Portland’s Inclusionary Housing Policy Needs Transparency

Portland’s Inclusionary Housing Policy Needs Transparency
July 12, 2017 Jeff Strang

In the months following the passage of Portland’s new Inclusionary Zoning Code, the program stalled as property developers sought to avoid regulations designed to leverage new affordable housing units from added building floor area granted as a quid pro quo. Now, the city proposes to offer more property tax inducements to attract new applications. The city wants to maximize affordable units; developers want to maximize profits. How do we find a balance? Read more…


Portland’s Inclusionary Housing Policy Needs Transparency

Excerpts from:
The Portland Tribune, 12 Jan 2017; Business Tribune, 16 May 2017

The city’s Inclusionary Zoning Code went into effect on February 1 of this year. As a regulatory instrument to leverage new affordable housing units, it requires new housing developments over 20 units to set aside a specified percentage of below market rate units affordable to households with below median incomes. To offset the loss in revenue from lower-priced units, the code allows several incentives to developers beginning with additional building floor area granted – basically a rezone. This provides added income from the additional units within the bonused floor area. Other incentives include tax waivers and lower parking ratio standards.

During the process of formulating the code, the Planning and Housing bureaus attempted to build a consensus around a quid pro quo or “offsets” that returns the public benefit of affordable housing at a value equivalent to the incentives given to the owner-developers subject to the IZ code. Those incentives must be fair and equitable from the perspective of both owner-investors and the taxpaying public – not too minimal as to impose a burden on the owners, and not too excessive as to constitute a windfall at the city’s and taxpayers’ expense. But at the program’s outset, a divergence of views emerged. City councilors expressed confidence that the offsets and incentives were calibrated correctly, whilst a coalition of developers claimed the benefits were not strong enough to assure financing feasibility.

In the months following the IZ code’s passage, the program stalled. As the new code worked its way through city council, developers rushed to file permit applications for new projects before the program took effect on February 1 – for about 14,000 multifamily units. By mid-May only five permits were submitted, most for projects receiving Housing Bureau assistance.

Now, the city wants to offer more property tax inducements to attract new applications, including an expansion of the Multiple-unit Limited Tax Exemption. Moreover, the Housing Bureau is in the process of kicking off a new voluntary opt-in to the inclusionary program. This will involve a re-calibration of the offsets for providing affordable units.

Where is all this headed? The city wants to maximize the leverage of affordable units; developers want to maximize the profits they make from new development projects. How do we find the balance, requiring an offset that yields just enough affordable units to leave a fair return on investment? The better way to accomplish this is for all players to know what the projected return is for each proposed development application submitted.

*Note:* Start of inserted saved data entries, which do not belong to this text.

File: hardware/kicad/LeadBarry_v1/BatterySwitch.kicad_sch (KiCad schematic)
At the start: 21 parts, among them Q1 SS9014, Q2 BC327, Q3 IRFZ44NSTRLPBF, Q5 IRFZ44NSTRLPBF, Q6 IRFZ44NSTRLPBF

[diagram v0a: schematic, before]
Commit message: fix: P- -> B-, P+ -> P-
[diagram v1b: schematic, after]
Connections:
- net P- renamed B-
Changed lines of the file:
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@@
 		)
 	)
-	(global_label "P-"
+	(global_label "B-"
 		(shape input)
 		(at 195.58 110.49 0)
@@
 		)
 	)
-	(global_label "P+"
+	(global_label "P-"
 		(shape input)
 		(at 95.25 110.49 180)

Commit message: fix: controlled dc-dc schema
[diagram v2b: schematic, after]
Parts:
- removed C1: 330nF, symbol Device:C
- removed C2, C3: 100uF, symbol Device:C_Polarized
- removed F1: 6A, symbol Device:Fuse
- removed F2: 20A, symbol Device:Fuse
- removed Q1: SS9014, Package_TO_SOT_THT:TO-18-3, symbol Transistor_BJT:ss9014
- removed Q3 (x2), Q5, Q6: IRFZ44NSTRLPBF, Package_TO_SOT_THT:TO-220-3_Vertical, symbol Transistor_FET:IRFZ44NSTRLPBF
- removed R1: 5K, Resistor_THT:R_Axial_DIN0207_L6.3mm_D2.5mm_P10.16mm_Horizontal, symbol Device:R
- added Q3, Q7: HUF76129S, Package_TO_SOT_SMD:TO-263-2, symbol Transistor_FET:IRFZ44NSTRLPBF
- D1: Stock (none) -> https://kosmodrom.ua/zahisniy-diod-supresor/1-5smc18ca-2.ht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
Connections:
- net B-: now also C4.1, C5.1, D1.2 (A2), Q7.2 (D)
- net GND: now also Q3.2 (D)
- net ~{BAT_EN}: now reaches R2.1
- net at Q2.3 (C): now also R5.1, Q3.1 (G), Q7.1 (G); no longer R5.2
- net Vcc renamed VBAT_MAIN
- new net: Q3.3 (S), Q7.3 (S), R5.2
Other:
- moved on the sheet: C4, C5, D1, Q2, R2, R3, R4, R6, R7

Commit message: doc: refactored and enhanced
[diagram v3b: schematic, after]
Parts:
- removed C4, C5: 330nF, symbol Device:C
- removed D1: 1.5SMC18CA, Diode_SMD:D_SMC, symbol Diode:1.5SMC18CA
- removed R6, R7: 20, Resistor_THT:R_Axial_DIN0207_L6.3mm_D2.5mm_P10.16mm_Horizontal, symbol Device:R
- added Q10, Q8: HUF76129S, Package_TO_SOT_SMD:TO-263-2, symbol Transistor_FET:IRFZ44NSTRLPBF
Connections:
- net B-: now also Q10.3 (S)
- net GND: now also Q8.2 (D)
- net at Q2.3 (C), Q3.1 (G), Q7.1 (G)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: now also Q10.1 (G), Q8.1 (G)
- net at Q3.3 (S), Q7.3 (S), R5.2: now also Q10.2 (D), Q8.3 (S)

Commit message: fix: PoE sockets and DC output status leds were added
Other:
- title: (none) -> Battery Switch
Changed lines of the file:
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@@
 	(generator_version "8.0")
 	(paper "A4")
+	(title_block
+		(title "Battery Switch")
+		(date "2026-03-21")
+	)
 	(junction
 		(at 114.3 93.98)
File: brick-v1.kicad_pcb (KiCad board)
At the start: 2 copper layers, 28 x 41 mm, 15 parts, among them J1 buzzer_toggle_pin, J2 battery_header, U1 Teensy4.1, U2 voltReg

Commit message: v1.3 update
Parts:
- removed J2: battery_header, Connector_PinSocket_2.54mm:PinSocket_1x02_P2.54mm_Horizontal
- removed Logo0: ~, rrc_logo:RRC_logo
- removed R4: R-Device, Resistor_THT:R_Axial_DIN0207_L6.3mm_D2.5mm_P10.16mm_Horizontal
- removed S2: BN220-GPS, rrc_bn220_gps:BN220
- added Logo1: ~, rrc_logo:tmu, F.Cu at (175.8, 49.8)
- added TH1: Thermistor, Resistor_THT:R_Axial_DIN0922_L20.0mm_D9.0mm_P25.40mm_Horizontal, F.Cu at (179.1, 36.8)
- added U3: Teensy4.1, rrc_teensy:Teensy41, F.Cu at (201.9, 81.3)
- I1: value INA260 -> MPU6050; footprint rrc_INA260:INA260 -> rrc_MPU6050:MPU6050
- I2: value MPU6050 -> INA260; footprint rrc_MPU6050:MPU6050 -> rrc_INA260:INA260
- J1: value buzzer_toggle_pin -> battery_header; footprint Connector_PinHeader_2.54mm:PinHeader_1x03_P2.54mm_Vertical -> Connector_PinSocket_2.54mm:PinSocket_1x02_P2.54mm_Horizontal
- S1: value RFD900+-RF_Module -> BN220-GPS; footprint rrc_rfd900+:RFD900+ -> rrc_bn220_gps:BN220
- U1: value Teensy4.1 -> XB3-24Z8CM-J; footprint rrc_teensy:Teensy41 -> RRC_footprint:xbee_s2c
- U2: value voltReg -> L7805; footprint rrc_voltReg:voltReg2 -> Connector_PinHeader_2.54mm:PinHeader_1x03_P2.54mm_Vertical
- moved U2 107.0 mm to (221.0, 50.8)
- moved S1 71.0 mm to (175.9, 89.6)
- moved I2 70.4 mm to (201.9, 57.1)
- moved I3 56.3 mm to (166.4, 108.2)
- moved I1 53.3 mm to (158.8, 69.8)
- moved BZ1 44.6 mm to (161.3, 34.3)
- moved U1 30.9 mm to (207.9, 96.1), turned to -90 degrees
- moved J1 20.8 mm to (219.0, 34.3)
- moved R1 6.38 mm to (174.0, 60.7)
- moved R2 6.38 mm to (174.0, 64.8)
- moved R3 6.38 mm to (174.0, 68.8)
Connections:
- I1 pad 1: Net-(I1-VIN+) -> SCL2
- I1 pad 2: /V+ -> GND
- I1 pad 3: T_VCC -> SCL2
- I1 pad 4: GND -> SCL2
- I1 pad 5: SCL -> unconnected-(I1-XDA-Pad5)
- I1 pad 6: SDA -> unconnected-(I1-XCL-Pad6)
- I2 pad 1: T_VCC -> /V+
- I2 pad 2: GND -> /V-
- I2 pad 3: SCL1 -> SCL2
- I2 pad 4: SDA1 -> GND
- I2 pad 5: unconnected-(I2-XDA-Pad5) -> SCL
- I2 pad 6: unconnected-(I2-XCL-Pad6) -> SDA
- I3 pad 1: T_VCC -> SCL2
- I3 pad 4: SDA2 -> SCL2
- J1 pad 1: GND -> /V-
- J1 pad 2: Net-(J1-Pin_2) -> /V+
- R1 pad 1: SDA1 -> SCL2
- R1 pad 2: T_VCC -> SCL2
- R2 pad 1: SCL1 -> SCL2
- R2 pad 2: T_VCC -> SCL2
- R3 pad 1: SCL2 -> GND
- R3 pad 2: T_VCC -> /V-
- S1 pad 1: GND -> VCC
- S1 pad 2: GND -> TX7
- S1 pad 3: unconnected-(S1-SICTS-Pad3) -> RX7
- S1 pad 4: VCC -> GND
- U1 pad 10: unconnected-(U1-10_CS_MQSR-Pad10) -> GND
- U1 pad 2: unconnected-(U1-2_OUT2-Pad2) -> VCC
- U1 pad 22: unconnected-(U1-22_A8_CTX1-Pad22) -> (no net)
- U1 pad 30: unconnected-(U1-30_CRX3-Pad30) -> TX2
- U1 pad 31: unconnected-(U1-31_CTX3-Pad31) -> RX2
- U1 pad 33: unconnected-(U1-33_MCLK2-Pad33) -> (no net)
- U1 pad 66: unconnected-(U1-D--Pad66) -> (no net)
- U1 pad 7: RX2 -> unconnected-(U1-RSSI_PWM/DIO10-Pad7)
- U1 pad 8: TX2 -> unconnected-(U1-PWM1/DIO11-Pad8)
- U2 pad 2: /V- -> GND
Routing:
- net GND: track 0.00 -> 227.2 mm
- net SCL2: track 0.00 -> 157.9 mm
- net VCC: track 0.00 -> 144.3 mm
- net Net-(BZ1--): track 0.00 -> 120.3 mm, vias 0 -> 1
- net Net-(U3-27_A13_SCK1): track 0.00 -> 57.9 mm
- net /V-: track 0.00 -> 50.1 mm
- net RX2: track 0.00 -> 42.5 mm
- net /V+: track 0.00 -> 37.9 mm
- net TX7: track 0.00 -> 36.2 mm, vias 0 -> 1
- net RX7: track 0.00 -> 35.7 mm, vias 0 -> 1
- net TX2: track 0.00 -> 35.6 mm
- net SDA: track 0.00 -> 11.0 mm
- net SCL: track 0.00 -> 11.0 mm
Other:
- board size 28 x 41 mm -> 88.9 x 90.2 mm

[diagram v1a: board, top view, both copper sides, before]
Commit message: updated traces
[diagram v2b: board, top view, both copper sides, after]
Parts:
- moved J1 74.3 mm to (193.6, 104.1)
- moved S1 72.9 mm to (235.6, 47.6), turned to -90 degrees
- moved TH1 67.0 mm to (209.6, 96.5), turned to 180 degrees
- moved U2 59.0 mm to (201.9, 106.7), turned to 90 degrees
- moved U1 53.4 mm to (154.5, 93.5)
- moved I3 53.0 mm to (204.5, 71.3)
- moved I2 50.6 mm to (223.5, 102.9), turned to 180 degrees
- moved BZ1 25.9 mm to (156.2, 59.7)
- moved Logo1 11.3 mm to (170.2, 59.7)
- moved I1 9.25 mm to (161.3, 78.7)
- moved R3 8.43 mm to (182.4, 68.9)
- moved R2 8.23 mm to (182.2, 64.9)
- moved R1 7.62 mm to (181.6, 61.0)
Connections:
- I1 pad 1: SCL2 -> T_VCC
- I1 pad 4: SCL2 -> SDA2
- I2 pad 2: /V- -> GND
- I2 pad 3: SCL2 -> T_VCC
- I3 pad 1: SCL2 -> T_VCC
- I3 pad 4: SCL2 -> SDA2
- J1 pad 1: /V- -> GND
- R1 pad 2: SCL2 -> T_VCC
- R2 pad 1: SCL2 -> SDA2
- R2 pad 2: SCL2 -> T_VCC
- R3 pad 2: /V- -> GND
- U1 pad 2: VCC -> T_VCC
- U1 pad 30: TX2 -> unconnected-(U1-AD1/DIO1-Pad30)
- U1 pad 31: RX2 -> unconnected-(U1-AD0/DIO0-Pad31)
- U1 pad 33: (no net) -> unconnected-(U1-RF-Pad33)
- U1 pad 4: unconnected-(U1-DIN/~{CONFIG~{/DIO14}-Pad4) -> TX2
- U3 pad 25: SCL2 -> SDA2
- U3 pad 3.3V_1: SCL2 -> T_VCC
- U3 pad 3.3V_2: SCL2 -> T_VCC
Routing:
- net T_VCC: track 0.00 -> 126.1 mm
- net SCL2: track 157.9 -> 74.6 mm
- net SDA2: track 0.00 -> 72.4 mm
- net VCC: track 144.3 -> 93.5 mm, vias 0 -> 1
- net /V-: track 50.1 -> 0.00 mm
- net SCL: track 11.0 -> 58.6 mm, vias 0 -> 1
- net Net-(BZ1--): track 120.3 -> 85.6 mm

A public disclosure rule is the most straightforward means to accomplish this. That is — full disclosure of each proposed project’s financials – cost figures, market rents, income projections, terms of subsidy (or incentive such as increased Floor Area Ratio) and the calculations that produce estimates of return on investment – that is the complete pro forma prepared by the project applicant, line-by-line. Most developers are averse to this, but there is ample evidence of states enacting laws on subsidy disclosure. If a public benefit is conferred upon a private party, the public has a right to know the value and nature of the assets being granted.

Is there a precedent for public disclosure of financials for determining offsets to provide a public benefit? Yes. British Columbia has enacted a law: Community Benefits Contributions (CAC), administered by the Ministry of Community, Sport and Cultural Development. When a local government rezones land, the land’s value increases, providing a benefit to the owner or developer. The government then captures a part of that increase to help fund a public benefit – normally infrastructure or below market rate housing. Local governments do not have the legal authority to rezone sites on the condition that permit applicants pay CACs. Rather, CACs are obtained through a negotiation process which must be carefully managed so as not to decrease the supply of new housing and increase housing prices.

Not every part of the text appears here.